Aka: Vesicant Exposure Management, Sulfur Mustard Exposure Management, Blister agent Exposure Management
  1. See Also
    1. Vesicant
    2. Chemical Weapon
  2. Management: Approach
    1. ABC Management
    2. Decontamination Immediately
      1. Hypochlorite 0.5%
      2. M291 Kit
      3. Copious amounts of water
    3. Systemic Antidote for suspected severe exposure
      1. Sodium thiosulfate (sulfur donor)
        1. May be helpful if given within 20 minutes
      2. British-Anti-Lewisite (BAL, Dimercaprol) IM
        1. Indicated only if Lewisite exposure suspected
        2. Used now to chelate heavy metals
        3. Reduces Lewisite systemic effects
        4. Topical BAL for eye and skin also effective
        5. Caution: Potential significant adverse effects
    4. Other agents with potential benefit
      1. NSAIDs (e.g. Ibuprofen) reduce inflammatory injury
    5. Supportive care
      1. Hydration
        1. Moderate fluid Resuscitation
        2. Losses are not nearly as great as for burn patients
      2. Systemic Analgesics and antipruritics
      3. Consider parenteral nutrition
  3. Management: Skin Changes
    1. Erythema
      1. Calamine or 0.25% camphor/Menthol/calamine
    2. Blisters
      1. Unroofing larger Blisters (>2 cm) is controversial
    3. Denuded skin
      1. Irrigate 3-4 times per day with saline
      2. Cover liberally with silver sulfadiazine or mafenide
      3. Topical Antibiotics for unroofed skin Blisters
      4. Whirlpool bath irrigation for large involvement
    4. Fluid therapy associated with burns
      1. Less fluid needed than in standard Burn Management
  4. Management: Eye Changes
    1. Conjunctival irritation
      1. Homatropine ophthalmic ointment
        1. Prevents synechiae formation
      2. Erythromycin ointment or other Topical antibiotic
      3. Vaseline to Eyelids
        1. Prevents adhesions and scarring
        2. Permits drainage of underlying infection
      4. Topical Steroids may be useful in first 48h
        1. Confirm no concurrent infection
      5. Usually heals in 1-3 weeks
    2. Pain
      1. Avoid Topical Analgesics except for Eye Exam
      2. Use systemic Analgesics
      3. Sunglasses for photophobia
  5. Management: Pulmonary Changes
    1. Upper airway effects (Pharyngitis, cough)
      1. Steam inhalation
      2. Cough Suppressants
    2. Lower airway effects (Productive cough, Dyspnea)

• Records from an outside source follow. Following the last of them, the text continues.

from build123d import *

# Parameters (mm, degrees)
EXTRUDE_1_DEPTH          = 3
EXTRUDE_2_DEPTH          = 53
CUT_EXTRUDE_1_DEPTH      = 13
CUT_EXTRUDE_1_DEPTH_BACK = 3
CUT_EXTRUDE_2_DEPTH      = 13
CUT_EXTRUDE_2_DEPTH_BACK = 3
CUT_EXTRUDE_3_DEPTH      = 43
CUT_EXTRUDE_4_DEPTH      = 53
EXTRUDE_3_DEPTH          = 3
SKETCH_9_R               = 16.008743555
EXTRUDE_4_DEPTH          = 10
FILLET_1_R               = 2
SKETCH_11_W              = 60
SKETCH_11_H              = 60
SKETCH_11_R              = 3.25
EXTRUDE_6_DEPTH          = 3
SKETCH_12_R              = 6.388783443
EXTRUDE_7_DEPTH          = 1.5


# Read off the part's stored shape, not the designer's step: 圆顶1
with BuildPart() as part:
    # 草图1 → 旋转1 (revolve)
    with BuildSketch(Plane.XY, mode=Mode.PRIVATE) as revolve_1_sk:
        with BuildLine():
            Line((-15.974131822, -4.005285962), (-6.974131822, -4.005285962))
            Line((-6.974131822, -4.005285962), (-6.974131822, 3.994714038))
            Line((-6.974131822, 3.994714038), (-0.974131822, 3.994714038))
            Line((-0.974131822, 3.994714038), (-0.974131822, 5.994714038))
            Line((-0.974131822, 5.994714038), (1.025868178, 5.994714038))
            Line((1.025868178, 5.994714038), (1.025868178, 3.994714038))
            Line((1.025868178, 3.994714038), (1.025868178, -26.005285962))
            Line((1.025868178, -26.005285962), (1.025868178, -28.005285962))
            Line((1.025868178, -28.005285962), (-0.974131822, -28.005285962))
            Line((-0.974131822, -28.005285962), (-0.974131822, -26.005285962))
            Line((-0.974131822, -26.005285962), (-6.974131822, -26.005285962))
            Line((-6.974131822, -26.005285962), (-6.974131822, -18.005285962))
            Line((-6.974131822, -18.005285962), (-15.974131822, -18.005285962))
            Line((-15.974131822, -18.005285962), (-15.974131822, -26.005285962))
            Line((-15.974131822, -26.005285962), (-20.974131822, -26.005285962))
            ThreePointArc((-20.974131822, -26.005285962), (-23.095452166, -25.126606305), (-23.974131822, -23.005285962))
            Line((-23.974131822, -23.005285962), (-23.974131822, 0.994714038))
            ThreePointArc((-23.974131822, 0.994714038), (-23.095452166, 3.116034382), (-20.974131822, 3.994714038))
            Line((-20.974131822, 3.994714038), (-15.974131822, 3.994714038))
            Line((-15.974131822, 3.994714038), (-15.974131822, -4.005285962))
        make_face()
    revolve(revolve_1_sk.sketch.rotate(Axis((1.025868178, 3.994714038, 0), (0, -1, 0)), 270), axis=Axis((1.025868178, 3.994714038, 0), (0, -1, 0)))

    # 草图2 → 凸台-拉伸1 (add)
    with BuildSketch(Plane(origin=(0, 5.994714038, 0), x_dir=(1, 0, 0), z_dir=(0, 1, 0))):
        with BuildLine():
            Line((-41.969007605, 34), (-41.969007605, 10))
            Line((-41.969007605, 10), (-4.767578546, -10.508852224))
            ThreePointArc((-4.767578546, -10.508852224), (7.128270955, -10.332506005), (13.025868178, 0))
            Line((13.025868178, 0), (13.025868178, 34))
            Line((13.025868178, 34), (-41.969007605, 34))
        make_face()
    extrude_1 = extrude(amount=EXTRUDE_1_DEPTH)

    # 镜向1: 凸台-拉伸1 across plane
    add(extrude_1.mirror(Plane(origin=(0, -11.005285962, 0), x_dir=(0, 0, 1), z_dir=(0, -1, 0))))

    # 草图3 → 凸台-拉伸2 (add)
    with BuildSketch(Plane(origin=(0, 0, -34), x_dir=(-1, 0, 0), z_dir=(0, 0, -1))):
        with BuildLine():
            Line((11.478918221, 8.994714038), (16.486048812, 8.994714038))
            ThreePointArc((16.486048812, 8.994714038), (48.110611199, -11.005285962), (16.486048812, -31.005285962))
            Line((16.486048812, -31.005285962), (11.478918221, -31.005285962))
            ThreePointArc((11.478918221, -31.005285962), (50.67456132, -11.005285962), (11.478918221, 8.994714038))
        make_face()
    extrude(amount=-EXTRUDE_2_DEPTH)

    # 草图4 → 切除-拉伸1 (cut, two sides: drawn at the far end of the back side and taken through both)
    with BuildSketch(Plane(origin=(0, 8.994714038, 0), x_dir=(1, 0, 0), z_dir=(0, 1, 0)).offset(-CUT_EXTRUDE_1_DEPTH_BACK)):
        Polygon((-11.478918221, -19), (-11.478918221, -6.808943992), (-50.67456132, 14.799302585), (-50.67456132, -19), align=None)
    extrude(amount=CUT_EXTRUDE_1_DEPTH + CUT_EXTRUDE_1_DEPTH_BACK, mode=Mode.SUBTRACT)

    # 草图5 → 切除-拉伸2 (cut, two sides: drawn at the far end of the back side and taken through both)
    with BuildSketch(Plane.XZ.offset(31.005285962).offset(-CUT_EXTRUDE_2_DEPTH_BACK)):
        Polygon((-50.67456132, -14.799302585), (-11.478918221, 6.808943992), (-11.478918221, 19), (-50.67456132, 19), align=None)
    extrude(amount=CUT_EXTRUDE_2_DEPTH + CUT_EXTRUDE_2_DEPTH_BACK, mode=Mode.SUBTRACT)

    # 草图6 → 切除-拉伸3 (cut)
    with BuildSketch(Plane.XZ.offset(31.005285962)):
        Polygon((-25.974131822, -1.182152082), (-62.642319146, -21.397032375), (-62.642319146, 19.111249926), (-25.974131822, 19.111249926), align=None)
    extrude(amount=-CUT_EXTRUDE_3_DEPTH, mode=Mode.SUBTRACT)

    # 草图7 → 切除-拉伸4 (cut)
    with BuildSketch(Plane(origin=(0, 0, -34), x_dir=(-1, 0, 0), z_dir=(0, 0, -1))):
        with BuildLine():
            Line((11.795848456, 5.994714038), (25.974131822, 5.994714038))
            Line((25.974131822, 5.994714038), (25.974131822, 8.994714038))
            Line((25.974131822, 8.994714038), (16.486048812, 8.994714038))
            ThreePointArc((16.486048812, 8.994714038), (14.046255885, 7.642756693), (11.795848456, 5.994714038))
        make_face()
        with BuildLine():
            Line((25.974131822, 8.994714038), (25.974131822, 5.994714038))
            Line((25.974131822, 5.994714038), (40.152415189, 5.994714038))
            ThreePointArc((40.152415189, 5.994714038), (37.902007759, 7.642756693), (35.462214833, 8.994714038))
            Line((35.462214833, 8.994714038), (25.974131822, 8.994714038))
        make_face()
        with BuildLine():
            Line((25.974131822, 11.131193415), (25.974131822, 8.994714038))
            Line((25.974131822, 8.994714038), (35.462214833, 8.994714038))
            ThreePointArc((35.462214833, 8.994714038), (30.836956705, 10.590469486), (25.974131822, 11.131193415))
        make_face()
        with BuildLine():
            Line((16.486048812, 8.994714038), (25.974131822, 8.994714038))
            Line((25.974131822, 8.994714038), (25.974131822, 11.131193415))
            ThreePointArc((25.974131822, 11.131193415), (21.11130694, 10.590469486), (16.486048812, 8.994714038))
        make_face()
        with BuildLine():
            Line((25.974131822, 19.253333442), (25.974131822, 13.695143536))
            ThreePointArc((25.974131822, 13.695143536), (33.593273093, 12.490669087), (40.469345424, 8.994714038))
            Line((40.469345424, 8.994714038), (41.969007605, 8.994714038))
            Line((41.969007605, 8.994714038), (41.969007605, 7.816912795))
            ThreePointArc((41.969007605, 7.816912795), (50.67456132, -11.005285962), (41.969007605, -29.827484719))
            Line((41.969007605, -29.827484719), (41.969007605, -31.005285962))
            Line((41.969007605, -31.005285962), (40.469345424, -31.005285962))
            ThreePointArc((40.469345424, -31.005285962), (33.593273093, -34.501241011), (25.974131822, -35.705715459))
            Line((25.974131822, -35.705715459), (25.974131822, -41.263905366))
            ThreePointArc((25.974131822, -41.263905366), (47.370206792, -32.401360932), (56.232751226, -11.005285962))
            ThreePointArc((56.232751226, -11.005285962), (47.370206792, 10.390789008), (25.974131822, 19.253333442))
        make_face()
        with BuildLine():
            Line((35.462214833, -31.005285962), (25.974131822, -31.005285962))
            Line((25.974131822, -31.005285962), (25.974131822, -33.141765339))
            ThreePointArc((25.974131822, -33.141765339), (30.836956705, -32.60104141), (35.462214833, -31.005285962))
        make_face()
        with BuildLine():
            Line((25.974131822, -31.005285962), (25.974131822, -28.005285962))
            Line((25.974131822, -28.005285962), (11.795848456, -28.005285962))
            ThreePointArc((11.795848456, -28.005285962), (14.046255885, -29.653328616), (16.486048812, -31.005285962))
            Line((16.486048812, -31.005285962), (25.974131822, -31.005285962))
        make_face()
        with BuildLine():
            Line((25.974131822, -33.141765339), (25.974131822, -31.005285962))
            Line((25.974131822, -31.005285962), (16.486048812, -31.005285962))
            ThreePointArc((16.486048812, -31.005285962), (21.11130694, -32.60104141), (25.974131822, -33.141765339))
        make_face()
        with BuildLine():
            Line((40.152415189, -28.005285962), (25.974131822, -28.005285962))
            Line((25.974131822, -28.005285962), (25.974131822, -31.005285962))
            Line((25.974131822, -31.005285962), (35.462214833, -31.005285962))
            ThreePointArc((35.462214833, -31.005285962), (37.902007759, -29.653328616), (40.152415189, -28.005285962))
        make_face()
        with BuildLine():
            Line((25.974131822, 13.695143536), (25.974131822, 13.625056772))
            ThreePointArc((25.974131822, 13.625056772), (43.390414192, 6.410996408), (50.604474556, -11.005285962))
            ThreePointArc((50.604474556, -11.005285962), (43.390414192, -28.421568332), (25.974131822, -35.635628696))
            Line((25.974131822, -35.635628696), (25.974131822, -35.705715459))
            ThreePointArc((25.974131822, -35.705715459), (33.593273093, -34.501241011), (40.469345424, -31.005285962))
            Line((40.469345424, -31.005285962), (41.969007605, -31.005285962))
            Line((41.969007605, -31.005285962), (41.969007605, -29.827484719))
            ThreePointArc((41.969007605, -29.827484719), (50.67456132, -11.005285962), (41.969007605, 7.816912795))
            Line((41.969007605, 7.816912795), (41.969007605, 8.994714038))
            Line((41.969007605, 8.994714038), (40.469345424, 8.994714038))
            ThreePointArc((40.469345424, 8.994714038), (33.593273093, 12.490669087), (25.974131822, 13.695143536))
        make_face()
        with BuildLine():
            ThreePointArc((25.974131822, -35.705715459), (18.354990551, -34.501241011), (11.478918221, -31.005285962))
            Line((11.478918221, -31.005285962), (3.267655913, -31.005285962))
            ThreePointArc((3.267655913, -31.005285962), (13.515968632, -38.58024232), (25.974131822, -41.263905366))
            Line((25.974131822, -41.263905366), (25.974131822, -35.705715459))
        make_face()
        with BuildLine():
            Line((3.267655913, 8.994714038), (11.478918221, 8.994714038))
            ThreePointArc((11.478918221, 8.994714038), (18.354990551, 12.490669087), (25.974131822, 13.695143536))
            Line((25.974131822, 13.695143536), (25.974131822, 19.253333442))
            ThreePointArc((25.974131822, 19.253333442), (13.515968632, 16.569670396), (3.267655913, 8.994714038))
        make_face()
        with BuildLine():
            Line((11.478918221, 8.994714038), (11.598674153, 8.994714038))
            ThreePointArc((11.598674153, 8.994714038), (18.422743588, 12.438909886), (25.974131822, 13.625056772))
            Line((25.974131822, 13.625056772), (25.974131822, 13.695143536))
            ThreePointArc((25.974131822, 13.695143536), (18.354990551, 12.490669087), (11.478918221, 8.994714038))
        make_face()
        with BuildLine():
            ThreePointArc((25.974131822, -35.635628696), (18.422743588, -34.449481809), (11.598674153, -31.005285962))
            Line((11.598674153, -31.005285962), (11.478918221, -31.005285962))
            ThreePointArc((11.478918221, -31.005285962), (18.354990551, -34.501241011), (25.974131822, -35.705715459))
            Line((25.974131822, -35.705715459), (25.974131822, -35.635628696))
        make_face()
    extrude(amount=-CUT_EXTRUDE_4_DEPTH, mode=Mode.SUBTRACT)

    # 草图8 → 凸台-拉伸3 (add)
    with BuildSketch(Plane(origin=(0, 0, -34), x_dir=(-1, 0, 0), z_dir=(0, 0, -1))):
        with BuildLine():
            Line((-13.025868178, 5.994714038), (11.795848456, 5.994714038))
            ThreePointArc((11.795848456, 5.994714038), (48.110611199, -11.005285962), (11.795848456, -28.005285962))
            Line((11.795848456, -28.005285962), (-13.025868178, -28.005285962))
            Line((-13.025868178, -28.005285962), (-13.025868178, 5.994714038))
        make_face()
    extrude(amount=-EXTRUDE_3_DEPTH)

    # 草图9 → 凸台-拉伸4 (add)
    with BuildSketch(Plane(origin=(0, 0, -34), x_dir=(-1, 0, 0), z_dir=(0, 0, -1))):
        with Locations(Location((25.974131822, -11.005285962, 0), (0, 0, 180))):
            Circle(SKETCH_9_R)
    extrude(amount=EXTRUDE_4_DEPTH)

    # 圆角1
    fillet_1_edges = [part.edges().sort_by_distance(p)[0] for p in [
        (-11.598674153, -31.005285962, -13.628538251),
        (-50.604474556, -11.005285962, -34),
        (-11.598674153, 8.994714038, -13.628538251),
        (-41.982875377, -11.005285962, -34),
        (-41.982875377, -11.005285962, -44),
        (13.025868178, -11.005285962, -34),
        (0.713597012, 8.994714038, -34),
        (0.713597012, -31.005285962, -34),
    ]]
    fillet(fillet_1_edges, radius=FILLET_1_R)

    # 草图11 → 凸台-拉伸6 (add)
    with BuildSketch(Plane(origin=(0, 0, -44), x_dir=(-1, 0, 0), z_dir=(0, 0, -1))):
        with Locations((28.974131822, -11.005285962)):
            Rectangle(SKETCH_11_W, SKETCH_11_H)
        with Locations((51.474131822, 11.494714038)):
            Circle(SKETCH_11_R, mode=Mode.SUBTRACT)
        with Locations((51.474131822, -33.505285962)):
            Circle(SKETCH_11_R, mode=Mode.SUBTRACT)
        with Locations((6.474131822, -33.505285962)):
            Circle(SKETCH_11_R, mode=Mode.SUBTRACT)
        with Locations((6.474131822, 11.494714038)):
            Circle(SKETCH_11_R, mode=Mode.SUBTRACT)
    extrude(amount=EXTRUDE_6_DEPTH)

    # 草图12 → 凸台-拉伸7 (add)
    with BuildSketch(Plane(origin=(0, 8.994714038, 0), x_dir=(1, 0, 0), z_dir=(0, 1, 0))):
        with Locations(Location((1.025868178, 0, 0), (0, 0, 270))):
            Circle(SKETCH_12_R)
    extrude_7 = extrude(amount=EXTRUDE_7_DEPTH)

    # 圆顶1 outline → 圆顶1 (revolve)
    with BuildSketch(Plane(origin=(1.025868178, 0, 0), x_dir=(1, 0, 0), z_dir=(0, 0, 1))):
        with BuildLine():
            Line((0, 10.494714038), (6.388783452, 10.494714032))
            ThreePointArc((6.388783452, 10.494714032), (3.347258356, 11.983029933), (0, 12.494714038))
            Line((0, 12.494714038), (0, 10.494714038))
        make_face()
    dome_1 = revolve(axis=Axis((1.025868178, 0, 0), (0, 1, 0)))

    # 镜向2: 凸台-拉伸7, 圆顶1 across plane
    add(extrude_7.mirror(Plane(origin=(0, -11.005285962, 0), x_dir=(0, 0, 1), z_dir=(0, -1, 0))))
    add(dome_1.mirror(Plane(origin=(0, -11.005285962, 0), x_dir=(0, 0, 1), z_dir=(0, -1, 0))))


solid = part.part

      1. Avoid antibiotics in first 24 hours
        1. Usually sterile Bronchitis or pneumonitis
      2. Respiratory Infection onset at 72 hours
        1. Evaluate clinically (fever, Sputum Gram Stain)
      3. Bronchodilators
      4. Consider systemic or Inhaled Steroids
    3. Impending Airway compromise
      1. Consider intubation early
      2. Apply early PEEP or CPAP
      3. Consider early bronchoscopy for pseudomembrane
  6. Management: Gastrointestinal Changes
    1. Antiemetic prn
  7. Management: Severe Marrow Suppression
    1. Granulocyte Colony Stimulating Factor (GCSF, Neupogen)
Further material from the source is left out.